2.3 Hi-C scaffolding
The contigs generated by the preliminary genome assembly required filling of gaps and anchoring on the putative chromosomes. The initial contigs were piped into the Hi-C assembly workflow, and the signals of chromatin interactions were captured to construct chromosomes. In brief, the putative Hi-C junctions were aligned by the unique mapped read pairs using BWA-MEM (version 0.7.10-r789) (Li & Durbin, 2009).
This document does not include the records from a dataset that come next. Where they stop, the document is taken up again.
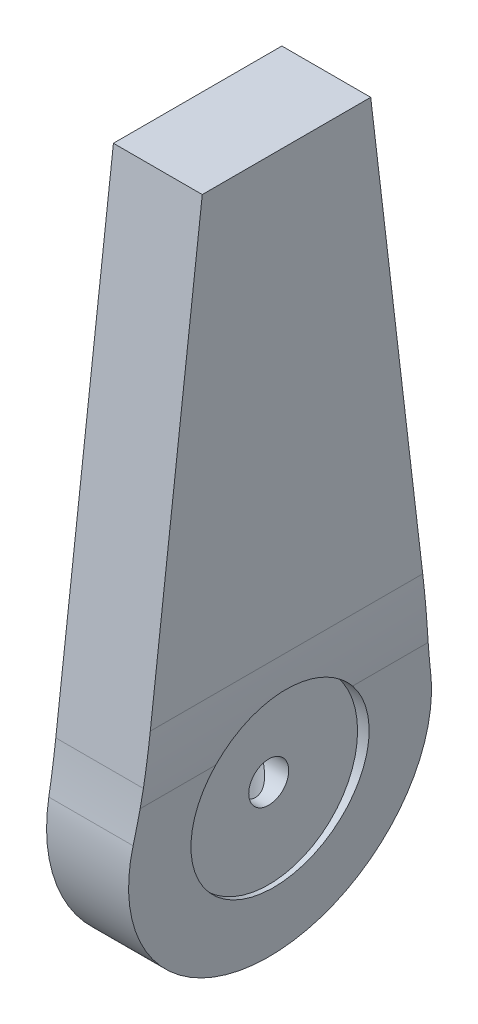
ISO-10303-21;
HEADER;
FILE_DESCRIPTION(('STEP AP214'),'2;1');
FILE_NAME('part.step','',(''),(''),'','','');
FILE_SCHEMA(('AUTOMOTIVE_DESIGN { 1 0 10303 214 1 1 1 1 }'));
ENDSEC;
DATA;
#1=APPLICATION_CONTEXT('core data for automotive mechanical design processes');
#2=APPLICATION_PROTOCOL_DEFINITION('international standard','automotive_design',2000,#1);
#3=PRODUCT_CONTEXT('',#1,'mechanical');
#4=PRODUCT('Part','Part','',(#3));
#5=PRODUCT_RELATED_PRODUCT_CATEGORY('part','',(#4));
#6=PRODUCT_DEFINITION_FORMATION('','',#4);
#7=PRODUCT_DEFINITION_CONTEXT('part definition',#1,'design');
#8=PRODUCT_DEFINITION('design','',#6,#7);
#9=PRODUCT_DEFINITION_SHAPE('','',#8);
#10=(LENGTH_UNIT() NAMED_UNIT(*) SI_UNIT(.MILLI.,.METRE.));
#11=(NAMED_UNIT(*) PLANE_ANGLE_UNIT() SI_UNIT($,.RADIAN.));
#12=(NAMED_UNIT(*) SI_UNIT($,.STERADIAN.) SOLID_ANGLE_UNIT());
#13=UNCERTAINTY_MEASURE_WITH_UNIT(LENGTH_MEASURE(1.E-05),#10,'distance_accuracy_value','');
#14=(GEOMETRIC_REPRESENTATION_CONTEXT(3) GLOBAL_UNCERTAINTY_ASSIGNED_CONTEXT((#13)) GLOBAL_UNIT_ASSIGNED_CONTEXT((#10,
#11,#12)) REPRESENTATION_CONTEXT('',''));
#15=CARTESIAN_POINT('',(0.,0.,0.));
#16=DIRECTION('',(0.,0.,1.));
#17=DIRECTION('',(1.,0.,0.));
#18=AXIS2_PLACEMENT_3D('',#15,#16,#17);
#19=CARTESIAN_POINT('',(-6.,-19.,0.));
#20=DIRECTION('',(0.,1.,0.));
#21=DIRECTION('',(0.,0.,1.));
#22=AXIS2_PLACEMENT_3D('',#19,#20,#21);
#23=CYLINDRICAL_SURFACE('',#22,2.5);
#24=CARTESIAN_POINT('',(-6.,-16.8151717208002,2.5));
#25=CARTESIAN_POINT('',(-6.13960906148192,-16.8151740185166,2.49999421020369));
#26=CARTESIAN_POINT('',(-6.27929995486534,-16.8169291988967,2.48826605121617));
#27=CARTESIAN_POINT('',(-6.55477842002669,-16.8237557916967,2.44167444753415));
#28=CARTESIAN_POINT('',(-6.69056201272335,-16.8288304679333,2.40678823272198));
#29=CARTESIAN_POINT('',(-6.95419839191177,-16.8417091295973,2.31494484226469));
#30=CARTESIAN_POINT('',(-7.08205709076528,-16.8495110507939,2.25800435581721));
#31=CARTESIAN_POINT('',(-7.3263864039983,-16.8669626686957,2.12370763056537));
#32=CARTESIAN_POINT('',(-7.44285863076834,-16.8766121032081,2.04635428809548));
#33=CARTESIAN_POINT('',(-7.66202434302888,-16.8967545847397,1.87279136125536));
#34=CARTESIAN_POINT('',(-7.76461744487372,-16.907252982425,1.77645562325415));
#35=CARTESIAN_POINT('',(-7.95224310302877,-16.9278626867034,1.56793485448318));
#36=CARTESIAN_POINT('',(-8.03727470583522,-16.9379739722539,1.45574896368403));
#37=CARTESIAN_POINT('',(-8.18773282906593,-16.9567260318457,1.2180707254503));
#38=CARTESIAN_POINT('',(-8.25306709238781,-16.9653598065303,1.09251937696103));
#39=CARTESIAN_POINT('',(-8.36168403912427,-16.9801248418252,0.832077202708479));
#40=CARTESIAN_POINT('',(-8.40496784342736,-16.9862562296358,0.697186852069652));
#41=CARTESIAN_POINT('',(-8.46795140200924,-16.995287909029,0.42292879699046));
#42=CARTESIAN_POINT('',(-8.48781913020422,-16.998211203127,0.283600437619453));
#43=CARTESIAN_POINT('',(-8.50392800954728,-17.0005761209487,0.00355891361205861));
#44=CARTESIAN_POINT('',(-8.50017042550937,-17.0000179310585,-0.137154176488152));
#45=CARTESIAN_POINT('',(-8.46926816315222,-16.9955011819606,-0.414825218535945));
#46=CARTESIAN_POINT('',(-8.44230419034891,-16.9915688971587,-0.551803769365082));
#47=CARTESIAN_POINT('',(-8.36603806027492,-16.9807750785218,-0.819270554274912));
#48=CARTESIAN_POINT('',(-8.31673534633206,-16.9739134716895,-0.949758626525637));
#49=CARTESIAN_POINT('',(-8.19700535761945,-16.9579867877463,-1.20108890904549));
#50=CARTESIAN_POINT('',(-8.12650174049244,-16.9489137703188,-1.32189422731169));
#51=CARTESIAN_POINT('',(-7.96642699469264,-16.9295759486806,-1.55002749324877));
#52=CARTESIAN_POINT('',(-7.8768546589482,-16.9193110690425,-1.65735458704856));
#53=CARTESIAN_POINT('',(-7.68017773851109,-16.8986202553189,-1.85654954239533));
#54=CARTESIAN_POINT('',(-7.57291541627695,-16.8881937160666,-1.94826166688123));
#55=CARTESIAN_POINT('',(-7.34443997041283,-16.8684495185282,-2.11240792664068));
#56=CARTESIAN_POINT('',(-7.22322676707911,-16.859131866578,-2.18484195176736));
#57=CARTESIAN_POINT('',(-6.97013102156376,-16.8426606437894,-2.30839536879655));
#58=CARTESIAN_POINT('',(-6.8382407747377,-16.8355086536737,-2.35949920197702));
#59=CARTESIAN_POINT('',(-6.56762086270222,-16.8242068379837,-2.43878726891991));
#60=CARTESIAN_POINT('',(-6.42889166055572,-16.8200568094451,-2.46697305219971));
#61=CARTESIAN_POINT('',(-6.149916176808,-16.8152671334742,-2.49941227314397));
#62=CARTESIAN_POINT('',(-6.00969607833697,-16.814595135128,-2.50388627546157));
#63=CARTESIAN_POINT('',(-5.73050810360339,-16.8167517589942,-2.48935977625441));
#64=CARTESIAN_POINT('',(-5.59154019016967,-16.8195802769464,-2.47035997387838));
#65=CARTESIAN_POINT('',(-5.31948185145494,-16.8283895386062,-2.4096120992047));
#66=CARTESIAN_POINT('',(-5.18636644275136,-16.8343551051417,-2.36797352162805));
#67=CARTESIAN_POINT('',(-4.92900467584743,-16.8487538078346,-2.2632438107387));
#68=CARTESIAN_POINT('',(-4.80475874029866,-16.8571870614857,-2.20015165593633));
#69=CARTESIAN_POINT('',(-4.56767291247191,-16.8756473049567,-2.05377424781224));
#70=CARTESIAN_POINT('',(-4.4549221974269,-16.8856854008258,-1.97034597978972));
#71=CARTESIAN_POINT('',(-4.24494324890917,-16.9061906654832,-1.78586380241483));
#72=CARTESIAN_POINT('',(-4.14771585857667,-16.9166578575388,-1.68480893630752));
#73=CARTESIAN_POINT('',(-3.97075356290693,-16.9369428195476,-1.46697176425955));
#74=CARTESIAN_POINT('',(-3.89116467429606,-16.9467547304722,-1.35007021425899));
#75=CARTESIAN_POINT('',(-3.75275504515444,-16.9645329982163,-1.10442863265448));
#76=CARTESIAN_POINT('',(-3.69393375457015,-16.9724994039141,-0.975688914711766));
#77=CARTESIAN_POINT('',(-3.59896334561044,-16.9856633523498,-0.71048502448538));
#78=CARTESIAN_POINT('',(-3.56273381717819,-16.9908707052188,-0.574050154778879));
#79=CARTESIAN_POINT('',(-3.51371493953207,-16.9979709468246,-0.296951082333415));
#80=CARTESIAN_POINT('',(-3.50092410489109,-16.999864045602,-0.1562871481857));
#81=CARTESIAN_POINT('',(-3.4991808769464,-17.0001205154926,0.123859733675883));
#82=CARTESIAN_POINT('',(-3.51000485162686,-16.9985169995871,0.263341311253438));
#83=CARTESIAN_POINT('',(-3.55470536808957,-16.9920270563139,0.538478359641031));
#84=CARTESIAN_POINT('',(-3.58858184436487,-16.9871406382752,0.67413384132232));
#85=CARTESIAN_POINT('',(-3.67834751559762,-16.9746313659072,0.937710544112775));
#86=CARTESIAN_POINT('',(-3.73422182052181,-16.9670103628902,1.06563692952141));
#87=CARTESIAN_POINT('',(-3.8663733542916,-16.9498698418753,1.31033385823192));
#88=CARTESIAN_POINT('',(-3.94265119358986,-16.9403502670763,1.42710406761065));
#89=CARTESIAN_POINT('',(-4.11425567496283,-16.9203641851463,1.64730939293222));
#90=CARTESIAN_POINT('',(-4.20974762724334,-16.9098899245386,1.75061499142791));
#91=CARTESIAN_POINT('',(-4.41672202128241,-16.8892329493587,1.93981763467728));
#92=CARTESIAN_POINT('',(-4.52820821371111,-16.8790503038444,2.0257105847098));
#93=CARTESIAN_POINT('',(-4.76471097908521,-16.8600707018513,2.17806321212975));
#94=CARTESIAN_POINT('',(-4.88979720701376,-16.8512815058354,2.24441570637191));
#95=CARTESIAN_POINT('',(-5.14940744936069,-16.8361748874922,2.35507140477779));
#96=CARTESIAN_POINT('',(-5.28392144107317,-16.8298548857848,2.39939763135067));
#97=CARTESIAN_POINT('',(-5.51587650215886,-16.8218718995573,2.45461211651069));
#98=CARTESIAN_POINT('',(-5.61188075286216,-16.8193725499681,2.47160673271683));
#99=CARTESIAN_POINT('',(-5.80524340379117,-16.8160216691373,2.49430262522055));
#100=CARTESIAN_POINT('',(-5.90260178748737,-16.8151701177992,2.50000403924935));
#101=CARTESIAN_POINT('',(-6.,-16.8151717208002,2.5));
#102=B_SPLINE_CURVE_WITH_KNOTS('',3,(#24,#25,#26,#27,#28,#29,#30,#31,#32,#33,#34,#35,#36,#37,
#38,#39,#40,#41,#42,#43,#44,#45,#46,#47,#48,#49,#50,#51,#52,#53,#54,#55,#56,#57,#58,#59,#60,#61,
#62,#63,#64,#65,#66,#67,#68,#69,#70,#71,#72,#73,#74,#75,#76,#77,#78,#79,#80,#81,#82,#83,#84,#85,
#86,#87,#88,#89,#90,#91,#92,#93,#94,#95,#96,#97,#98,#99,#100,#101),.UNSPECIFIED.,.T.,.F.,(4,2,2,
2,2,2,2,2,2,2,2,2,2,2,2,2,2,2,2,2,2,2,2,2,2,2,2,2,2,2,2,2,2,2,2,2,2,2,4),(0.,0.41847120810007,
0.837354487946605,1.25592140230922,1.67442895905137,2.09581782748951,2.51722956927747,
2.94058547780217,3.36391986377584,3.78419863489791,4.2044549060018,4.62146799605351,
5.03849147847009,5.45703497874756,5.87560498118832,6.29813197177102,6.72066137644184,
7.14349844722328,7.56630692709534,7.98517549166614,8.40403158086854,8.82087962186062,
9.23774751341641,9.65763620555363,10.0775476959446,10.5008152660655,10.9240716246206,
11.3458127718726,11.7675271903565,12.1852653255138,12.6030022736141,13.0204569460215,
13.4379241096387,13.8591496464984,14.2804741232455,14.7040683476293,15.1272188844489,
15.4191687358398,15.7111150266056),.UNSPECIFIED.);
#103=CARTESIAN_POINT('',(-6.,-16.8151717208002,2.5));
#104=VERTEX_POINT('',#103);
#105=EDGE_CURVE('E176',#104,#104,#102,.T.);
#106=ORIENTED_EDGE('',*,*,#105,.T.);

The paired reads uniquely mapped to the assembly were called the valid interaction pairs, and they were used for the Hi-C scaffolding. Other invalid reads included reads of self-ligation and non-ligation; dangling ends were filtered out using HiC-Pro (version 2.10.0) (Servant, et al., 2015).
The Hi-C reassembly broke the contigs into 50 kb fragments, and the regions that were mismatched to the initial assembly or could not be restored were listed as candidate error areas. The genome was subjected to a final round of error correction, and the gaps were filled during this round. The reassembled and corrected contigs were divided into ordered, oriented, and anchored groups by LACHESIS (Burton et al., 2013) with the parameters CLUSTER_MIN_RE_SITES = 33; CLUSTER_MAX_LINK_DENSITY = 2; CLUSTER_NONINFORMATIVE_RATIO = 2; ORDER_MIN_N_RES_IN_TRUN = 29, and ORDER_MIN_N_RES_IN_SHREDS = 29, automatically resulting in putative chromosomes. The gaps generated during the Hi-C assembly were refilled using LR GapCloser (version 1.1) (Xu et al., 2019).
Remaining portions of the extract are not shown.